Forms of distance are evident in the food system in a number of ways. The industrialization of agricultural production, for example, has altered basic cultural understandings of the properties of seeds and the rhythm of growing cycles and seasons. Industrial production systems are much more complex and reliant on multiple external inputs that have a variety of implications that are often obscured. Knowledge about the impact of monocultures on the soil and biodiversity, the exact chemicals used to keep pests at bay, and the effect of irrigation on local water supplies, for example, are not readily available pieces of information for mass-produced agricultural goods. A tomato on a supermarket shelf does not reveal this information itself, nor do most typical supermarkets provide it to consumers.

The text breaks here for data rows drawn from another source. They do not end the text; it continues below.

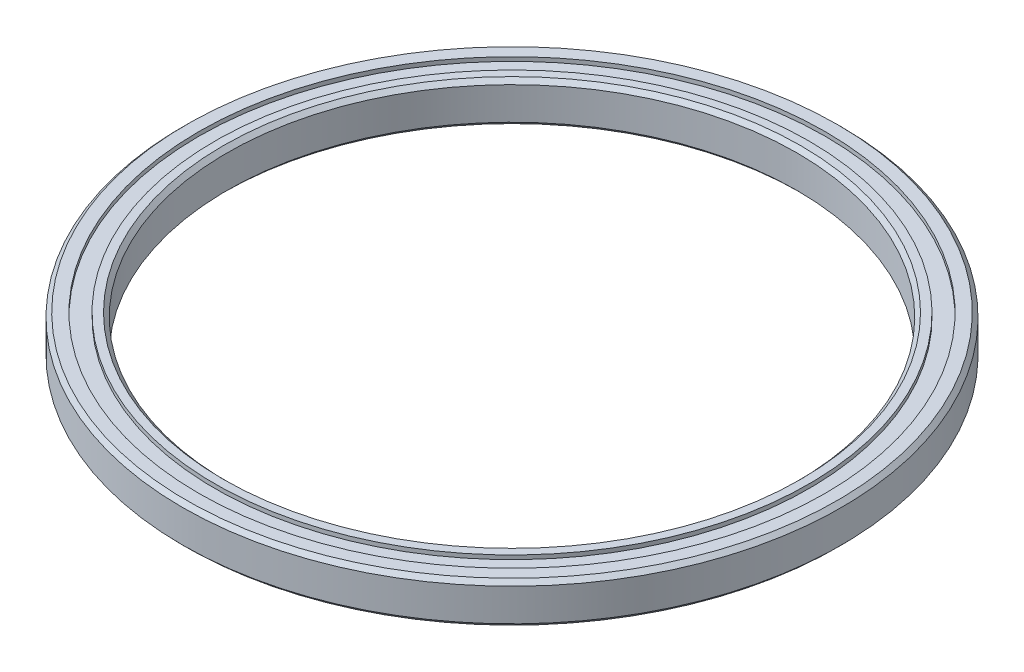
from build123d import *


with BuildPart() as part:
    # 草图1 → 旋转1 (revolve)
    with BuildSketch(Plane.XY, mode=Mode.PRIVATE) as revolve_1_sk:
        Polygon((-35.5, 0), (-36.5, 0), (-36.5, 0.5), (-38.5, 0.5), (-38.5, 0), (-40, 0), (-40.5, 0.5), (-40.5, 4.5), (-40, 5), (-38.5, 5), (-38.5, 4.5), (-36.5, 4.5), (-36.5, 5), (-35.5, 5), (-35, 4.5), (-35, 0.5), align=None)
    revolve(revolve_1_sk.sketch.rotate(Axis((0, 0, 0), (0, 1, 0)), 270), axis=Axis((0, 0, 0), (0, 1, 0)))


solid = part.part
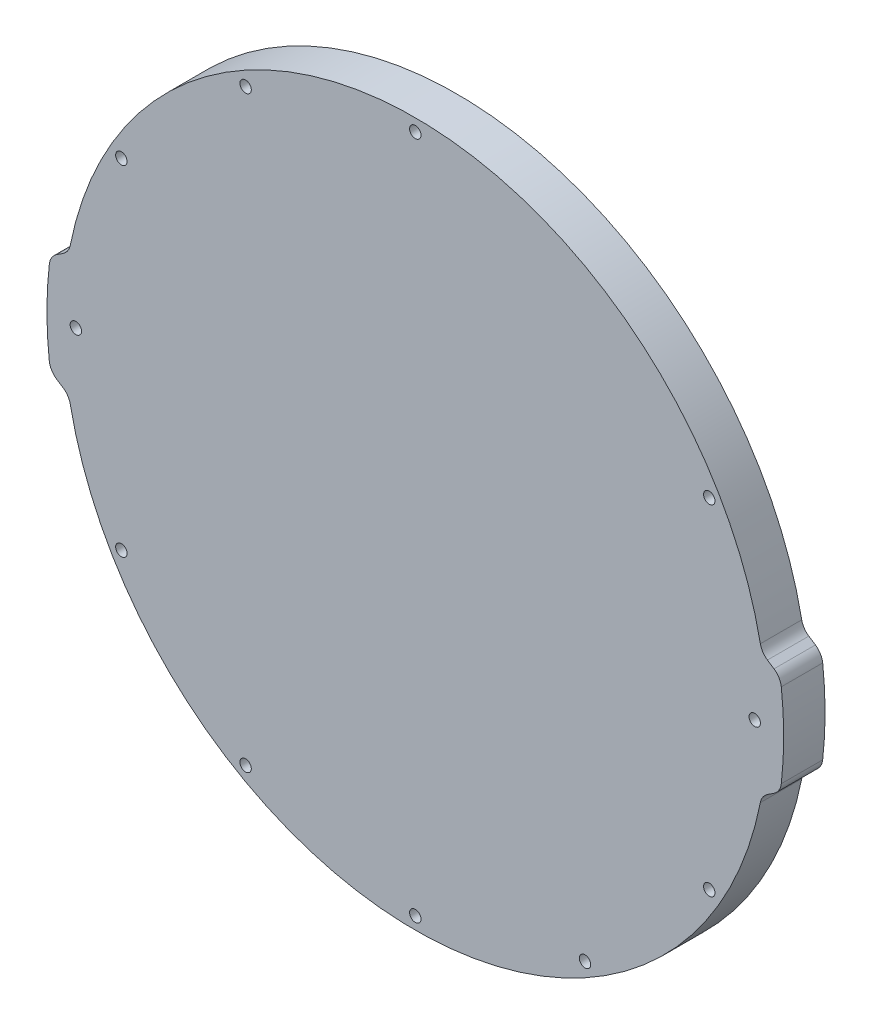
from build123d import *

# Parameters (mm, degrees)
SKETCH1_R           = 1.75
BOSS_EXTRUDE1_DEPTH = 6.35
FILLET1_R           = 5.08


with BuildPart() as part:
    # Sketch1 → Boss-Extrude1 (new, symmetric)
    with BuildSketch(Plane.XY):
        with BuildLine():
            Line((-111.997871855, 15.24), (-106.25582337, 19.05))
            ThreePointArc((-106.25582337, 19.05), (0, 107.95), (106.25582337, 19.05))
            Line((106.25582337, 19.05), (111.997871855, 15.24))
            ThreePointArc((111.997871855, 15.24), (113.03, 0), (111.997871855, -15.24))
            Line((111.997871855, -15.24), (106.25582337, -19.05))
            ThreePointArc((106.25582337, -19.05), (0, -107.95), (-106.25582337, -19.05))
            Line((-106.25582337, -19.05), (-111.997871855, -15.24))
            ThreePointArc((-111.997871855, -15.24), (-113.03, 0), (-111.997871855, 15.24))
        make_face()
        with Locations((0, 104.14)):
            Circle(SKETCH1_R, mode=Mode.SUBTRACT)
        with Locations((90.18788555, 52.07)):
            Circle(SKETCH1_R, mode=Mode.SUBTRACT)
        with Locations((104.14, 0)):
            Circle(SKETCH1_R, mode=Mode.SUBTRACT)
        with Locations((90.18788555, -52.07)):
            Circle(SKETCH1_R, mode=Mode.SUBTRACT)
        with Locations((52.07, -90.18788555)):
            Circle(SKETCH1_R, mode=Mode.SUBTRACT)
        with Locations((0, -104.14)):
            Circle(SKETCH1_R, mode=Mode.SUBTRACT)
        with Locations((-52.07, -90.18788555)):
            Circle(SKETCH1_R, mode=Mode.SUBTRACT)
        with Locations((-90.18788555, -52.07)):
            Circle(SKETCH1_R, mode=Mode.SUBTRACT)
        with Locations((-104.14, 0)):
            Circle(SKETCH1_R, mode=Mode.SUBTRACT)
        with Locations((-90.18788555, 52.07)):
            Circle(SKETCH1_R, mode=Mode.SUBTRACT)
        with Locations((-52.07, 90.18788555)):
            Circle(SKETCH1_R, mode=Mode.SUBTRACT)
    extrude(amount=BOSS_EXTRUDE1_DEPTH, both=True)

    # Fillet1
    fillet1_edges = [part.edges().sort_by_distance(p)[0] for p in [
        (-111.997871855, -15.24, 0),
        (-111.997871855, 15.24, 0),
        (-106.25582337, 19.05, 0),
        (106.25582337, 19.05, 0),
        (111.997871855, 15.24, 0),
        (111.997871855, -15.24, 0),
        (106.25582337, -19.05, 0),
        (-106.25582337, -19.05, 0),
    ]]
    fillet(fillet1_edges, radius=FILLET1_R)


solid = part.part

Agricultural products from different locations and production systems may be mixed and substituted for one another on a regular basis (for example, vegetable oils), pieces of information that do not typically get transferred to those that consume them. As a result, the precise environmental impacts of particular foods and the specific landscapes that were altered in their production, apart from broad generalizations, are not easy to ascertain.

The globalization of the food system has elongated physical distance and further obscured information about the ecological impact of production as well as its social dimensions, such as whether the farmers producing those goods have been fairly compensated for their work and whether their rights as landholders or producers are adequately protected. Corporatization of agricultural value chains has introduced new differentials in bargaining power, as large TNCs have gained control of various segments of agricultural value chains in ways that give them leverage over others (McMichael 2013). Financialization, as will be discussed in more detail below, has introduced new middle actors into the food system that fund the entire system, including the acquisition of new landscapes for industrial agricultural production, as well as abstracting food from its physical form.

The politics of sustainability issues within the food system have been profoundly influenced by distance (Kneen 1995; Friedmann 1994; Clapp 2012). When costs are obscured by powerful actors, feedbacks that would normally correct for negative outcomes become constrained. Despite awareness of the broad potential for ecological and social costs associated with the global industrial food system, it is not clear to whom precisely feedback should be directed to demand change. Linking a specific food item to a specific environmental outcome in a particular place, and attributing that outcome to a particular actor who might be held responsible, is virtually impossible. In this way, distance blurs the lines of responsibility for sustaining agricultural landscapes, posing a blockage for effective political processes to support more sustainable food systems. The sustainable food and agriculture initiatives noted above seek to address this problem by clarifying the lines of responsibly. Certification schemes trace the movement of a commodity and record the practices that surround it, and local food initiatives work to promote responsibility at a more localized level with short supply chains in ways that provide the sorts of information that is missing in the global industrial food system (Iles 2005). But without appropriate feedback within the mainstream system, policy and governance frameworks tend to support ‘business as usual’ and further appropriation of new landscapes into the industrial agricultural model.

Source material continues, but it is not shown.